Gateway reports speed boosts of up to 12 percent in its servers and HP up to 10 percent in its servers going from the 450-MHz Pentium II to the 500-MHz Pentium III. Those speed improvements are close to what would be expected just from the clock speed increase.

But many of the real performance improvements of Intel's Pentium III chip won't show up until later this year, when the chips benefit from a smaller, faster design and from a 256 kilobyte on-chip cache.

However, HP's workstations will see doubled performance in some three-dimensional graphics tasks because of use of Evans & Sutherland's AccelGalaxy graphics card, the company said. The card can take advantage of new instructions in the Pentium III.

Compaq has updated its ProLiant servers with the 500 MHz versions of the new chips, the company said. The machines, available today, can be bought as or upgraded to two-processor versions.

IBM will use the chips in its new workstations and servers, which will be available immediately, said an IBM spokesman. Included in IBM's plans will be a four-processor version of IBM's Netfinity server, the spokesman said.

IBM will offer a two-processor Pentium III IntelliStation workstation for about $2,800. The new workstations also include a graphics processor designed and manufactured by IBM. This is the first time IBM has used its own processor in its IntelliStation line.

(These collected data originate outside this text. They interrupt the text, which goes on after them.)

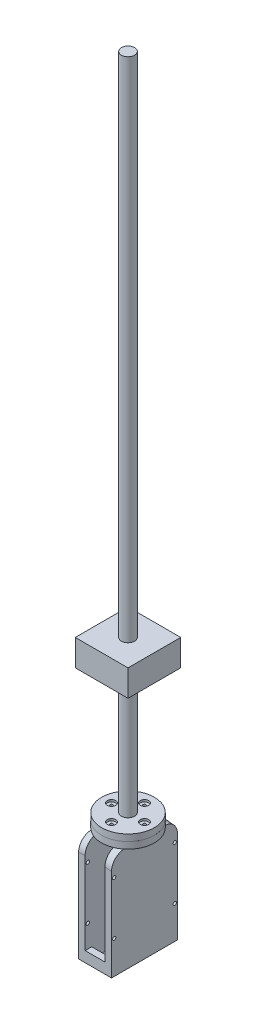
SolidWorks part; units mm, degrees
ref_plane "Front Plane" through (0, 0, 0) normal (0, 0, 1) x (1, 0, 0)
ref_plane "Top Plane" through (0, 0, 0) normal (0, 1, 0) x (1, 0, 0)
ref_plane "Right Plane" through (0, 0, 0) normal (1, 0, 0) x (0, 0, -1)
sketch "Sketch1" plane through (0, 0, 0) normal (0, 1, 0) x (1, 0, 0)
  circle A0 centre (0, 0) radius 20
  dimension "D1" = 40
extrude "Boss-Extrude1" add sketch "Sketch1" along normal blind 5
sketch "Sketch3" plane through (0, 5, 0) normal (0, 1, 0) x (1, 0, 0)
  circle A0 centre (0, 0) radius 5
  dimension "D1" = 10
extrude "Cut-Extrude1" cut sketch "Sketch3" against normal up to next
hole_wizard "CBORE for M2 Hex Head Machine Screw1" positions "Sketch5" profile "Sketch6" counterbore size "M2" standard "ANSI Metric" end condition through all
sketch "Sketch5" plane through (0, 5, 0) normal (0, 1, 0) x (1, 0, 0)
  line L0 (-5, 20.5281) -> (-5, -22.8294) construction
  line L2 (-20, 15.296) -> (-20, -16.8443) construction
  line L4 (-20, 0) -> (-12.5, 0) construction
  line L5 (-12.5, 0) -> (-5, 0) construction
  circle A1 centre (0, 0) radius 5 construction
  circle A2 centre (0, 0) radius 20 construction
  point P0 (-12.5, 0)
sketch "Sketch6" plane through (-12.5, 5, 0) normal (1, 0, 0) x (0, 0, 1)
  line L0 (0, 0) -> (0, 5)
  line L1 (0, 5) -> (1.1, 5)
  line L3 (1.1, 5) -> (1.1, 1.6)
  line L4 (1.1, 1.6) -> (3.19, 1.6)
  line L5 (3.19, 1.6) -> (3.19, 0)
  line L7 (3.19, 0) -> (0, 0)
  line L11 (0, -6.35) -> (0, 107.95) construction
  dimension "Thru Hole Dia." = 2.2
  dimension "Thru Hole Depth" = 5
  dimension "C'Bore Dia." = 6.38
  dimension "C'Bore Depth" = 1.6
pattern_circular "CirPattern1" count 4 every 90 about axis through (0, 5, 0) along (0, 1, 0) of "CBORE for M2 Hex Head Machine Screw1"
sketch "Sketch7" plane through (0, 0, 0) normal (0, -1, 0) x (1, 0, 0)
  circle A0 centre (-12.5, 0) radius 1.1 construction
  circle A1 centre (0, -12.5) radius 1.1 construction
  circle A2 centre (12.5, 0) radius 1.1 construction
  circle A3 centre (0, 12.5) radius 1.1 construction
  circle A4 centre (0, 0) radius 20 construction
  circle A5 centre (0, 0) radius 5 construction
  circle A6 centre (-12.5, 0) radius 1.1
  circle A7 centre (0, -12.5) radius 1.1
  circle A8 centre (12.5, 0) radius 1.1
  circle A9 centre (0, 12.5) radius 1.1
  circle A10 centre (0, 0) radius 20
  circle A11 centre (0, 0) radius 5
extrude "Boss-Extrude2" add sketch "Sketch7" along normal blind 5 separate body
sketch "Sketch8" plane through (0, -5, 0) normal (0, -1, 0) x (1, 0, 0)
  line L1 (-12.5, 25) -> (-7.5, 25)
  line L2 (-12.5, 25) -> (-12.5, -25)
  line L3 (-12.5, -25) -> (-7.5, -25)
  line L4 (-7.5, 25) -> (-7.5, -25)
  line L5 (7.5, 25) -> (12.5, 25)
  line L6 (7.5, 25) -> (7.5, -25)
  line L7 (7.5, -25) -> (12.5, -25)
  line L8 (12.5, 25) -> (12.5, -25)
  point P8 (-7.5, 0)
  point P9 (7.5, 0)
  dimension "D1" = 15
  dimension "D2" = 7.5
  dimension "D3" = 5
  dimension "D4" = 50
extrude "Boss-Extrude3" add sketch "Sketch8" along normal blind 80
sketch "Sketch9" plane through (12.5, 0, 0) normal (1, 0, 0) x (0, 0, -1)
  line L0 (-25, -85) -> (-25, -5) construction
  line L2 (50, -5) -> (-25, -5) construction
  line L3 (-25, -40) -> (25, -40) construction
  line L4 (25, -85) -> (25, -5) construction
  line L6 (0, 0) -> (0, -85) construction
  circle A0 centre (-23, -20) radius 1.25
  circle A1 centre (23, -20) radius 1.25
  circle A2 centre (23, -60) radius 1.25
  circle A3 centre (-23, -60) radius 1.25
  dimension "D1" = 2.5
  dimension "D2" = 2.5
  dimension "D4" = 2
  dimension "D5" = 15
  dimension "D6" = 35
extrude "Cut-Extrude2" cut sketch "Sketch9" against normal through all
fillet "Fillet1" radius 10 4 edges at (-10, -5, -25) (10, -5, -25) (10, -5, 25) (-10, -5, 25)
sketch "Sketch11" plane through (7.5, 0, 0) normal (-1, 0, 0) x (0, 0, 1)
  line L0 (25, -85) -> (-25, -85) construction
  line L1 (25, -85) -> (20, -85)
  line L2 (25, -85) -> (25, -77)
  line L3 (25, -77) -> (20, -77)
  line L4 (20, -85) -> (20, -77)
  line L5 (25, -85) -> (25, -14.9887) construction
  line L6 (0, 13.1067) -> (0, -94.2059) construction
  line L7 (-20, -85) -> (-20, -77)
  line L8 (-25, -85) -> (-20, -85)
  line L9 (-25, -85) -> (-25, -77)
  line L10 (-25, -77) -> (-20, -77)
  dimension "D1" = 8
  dimension "D2" = 5
extrude "Boss-Extrude4" add sketch "Sketch11" along normal up to next
sketch "Sketch12" plane through (0, 5, 0) normal (0, 1, 0) x (1, 0, 0)
  circle A0 centre (0, 0) radius 5
  dimension "D1" = 10
extrude "Boss-Extrude5" add sketch "Sketch12" along normal blind 500 and the other way blind 10 separate body
sketch "Sketch14" plane through (0, 0, 0) normal (0, 0, 1) x (1, 0, 0)
  line L0 (-20, 100) -> (20, 100)
  line L5 (-20, 100) -> (-20, 120)
  line L6 (-20, 120) -> (20, 120)
  line L7 (20, 100) -> (20, 120)
  line L10 (0, -28.1389) -> (0, 28.1389) construction
  line L12 (22, 0) -> (-22, 0) construction
  point P10 (-14.5842, 512.1711)
  dimension "D1" = 40
  dimension "D2" = 20
  dimension "D3" = 20
  dimension "D4" = 100
extrude "Boss-Extrude6" add sketch "Sketch14" along normal mid plane 40 separate body
sketch "Sketch16" plane through (0, 100, 0) normal (0, -1, 0) x (1, 0, 0)
  line L0 (0, -28.1389) -> (0, 28.1389) construction
  line L1 (7.5, 4.3301) -> (0, 8.6603)
  line L2 (0, 8.6603) -> (-7.5, 4.3301)
  line L3 (-7.5, 4.3301) -> (-7.5, -4.3301)
  line L4 (-7.5, -4.3301) -> (0, -8.6603)
  line L5 (0, -8.6603) -> (7.5, -4.3301)
  line L6 (7.5, -4.3301) -> (7.5, 4.3301)
  circle A0 centre (0, 0) radius 7.5 construction
  point P1 (0, 0)
  point P12 (9.9373, -5.7373)
  point P13 (7.6766, -4.4321)
  dimension "D1" = 15
extrude "Boss-Extrude7" add sketch "Sketch16" along normal blind 10
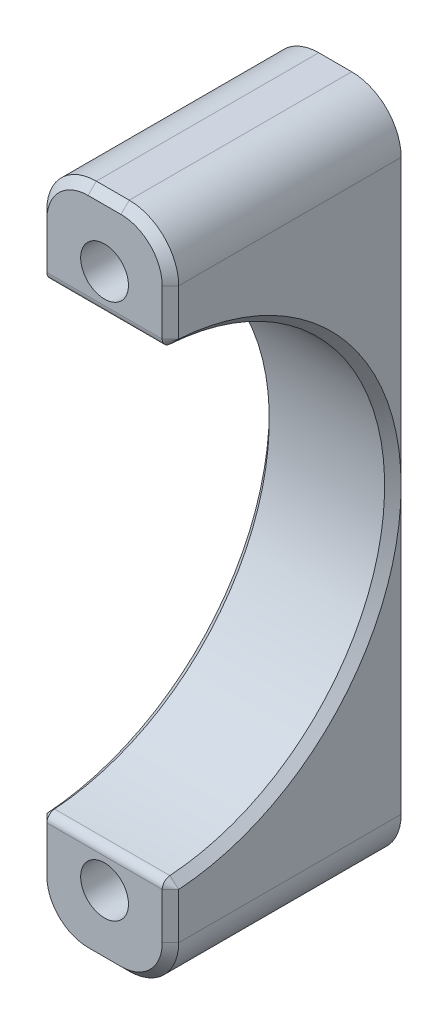
SolidWorks part; units mm, degrees
material "尼龙 101"
ref_plane "前视基准面" through (0, 0, 0) normal (0, 0, 1) x (1, 0, 0)
ref_plane "上视基准面" through (0, 0, 0) normal (0, 1, 0) x (1, 0, 0)
ref_plane "右视基准面" through (0, 0, 0) normal (1, 0, 0) x (0, 0, -1)
sketch "草图1" plane through (0, 0, 0) normal (0, 0, 1) x (1, 0, 0)
  line L0 (152.2649, 16.264) -> (152.2649, -16.264) construction
  line L1 (151.2649, 20.264) -> (153.2649, 20.264)
  line L2 (148.2649, 17.264) -> (148.2649, -17.264)
  line L3 (151.2649, -20.264) -> (153.2649, -20.264)
  line L4 (156.2649, 17.264) -> (156.2649, -17.264)
  line L5 (148.2649, 20.264) -> (156.2649, -20.264) construction
  line L6 (148.2649, -20.264) -> (156.2649, 20.264) construction
  circle A0 centre (152.2649, 16.264) radius 1.45
  circle A1 centre (152.2649, -16.264) radius 1.45
  arc A2 (153.2649, -20.264) -> (156.2649, -17.264) centre (153.2649, -17.264) ccw
  arc A3 (148.2649, -17.264) -> (151.2649, -20.264) centre (151.2649, -17.264) ccw
  arc A4 (153.2649, 20.264) -> (156.2649, 17.264) centre (153.2649, 17.264) cw
  arc A5 (151.2649, 20.264) -> (148.2649, 17.264) centre (151.2649, 17.264) ccw
  point P0 (152.2649, 0)
  dimension "D3" = 2.9
  dimension "D4" = 3
  dimension "D1" = 8
  dimension "D2" = 4
extrude "凸台-拉伸1" add sketch "草图1" along normal blind 14
sketch "草图2" plane through (148.2649, 0, 0) normal (-1, 0, 0) x (0, 0, 1)
  line L0 (0, 0) -> (14.5, 0) construction
  circle A0 centre (14.5, 0) radius 14
  dimension "D2" = 28
  dimension "D1" = 14.5
extrude "切除-拉伸1" cut sketch "草图2" against normal through all both and the other way through all
fillet "圆角1" radius 0.5 2 edges at (152.2649, -13.9911, 14) (152.2649, 13.9911, 14)
chamfer "倒角1" distance 0.5 angle 45 16 edges at (156.2649, 0, 0.5) (156.2649, -14.1243, 13.8655) (156.2649, 14.1243, 13.8655) (156.2649, -15.8648, 14) (156.2649, 15.8648, 14) (155.3862, -19.3854, 14) (155.3862, 19.3854, 14) (152.2649, -20.264, 14) (152.2649, 20.264, 14) (149.1436, -19.3854, 14) (149.1436, 19.3854, 14) (148.2649, -15.8648, 14) (148.2649, 15.8648, 14) (148.2649, -14.1243, 13.8655) (148.2649, 14.1243, 13.8655) (148.2649, 0, 0.5)

Gateway will refresh its server and workstation lines, claiming a performance boost of up to 12 percent going from the 450-MHz Pentium II to the 500-MHz Pentium III. A basic 7200 server with a 450-MHz Pentium III and a 4 GB hard drive is priced at $2,497.

In addition, Gateway's entry-level workstation will come with a 500-MHz Pentium III, 128MB of memory, a 9GB hard drive, and a 19-inch monitor, at a cost of $3,599.

Dell's Precision workstations will benefit from the new chips, with an entry-level model using the 450-MHz Pentium III starting at $1,997.

The Pentium III will be spread across Dell's PowerEdge server lines. A basic PowerEdge 1300 begins at $1,699, while the more expandable 4300 starts at $5,395.

Hewlett-Packard's workstations have been pumped up with the 500-MHz version Of the chip. A model with a 500-MHz Pentium III, 128 MB of memory, a 9 GB hard drive, and a lower-end graphics chip costs $3,460.

HP will put the new Pentium III chip in its server line, as well.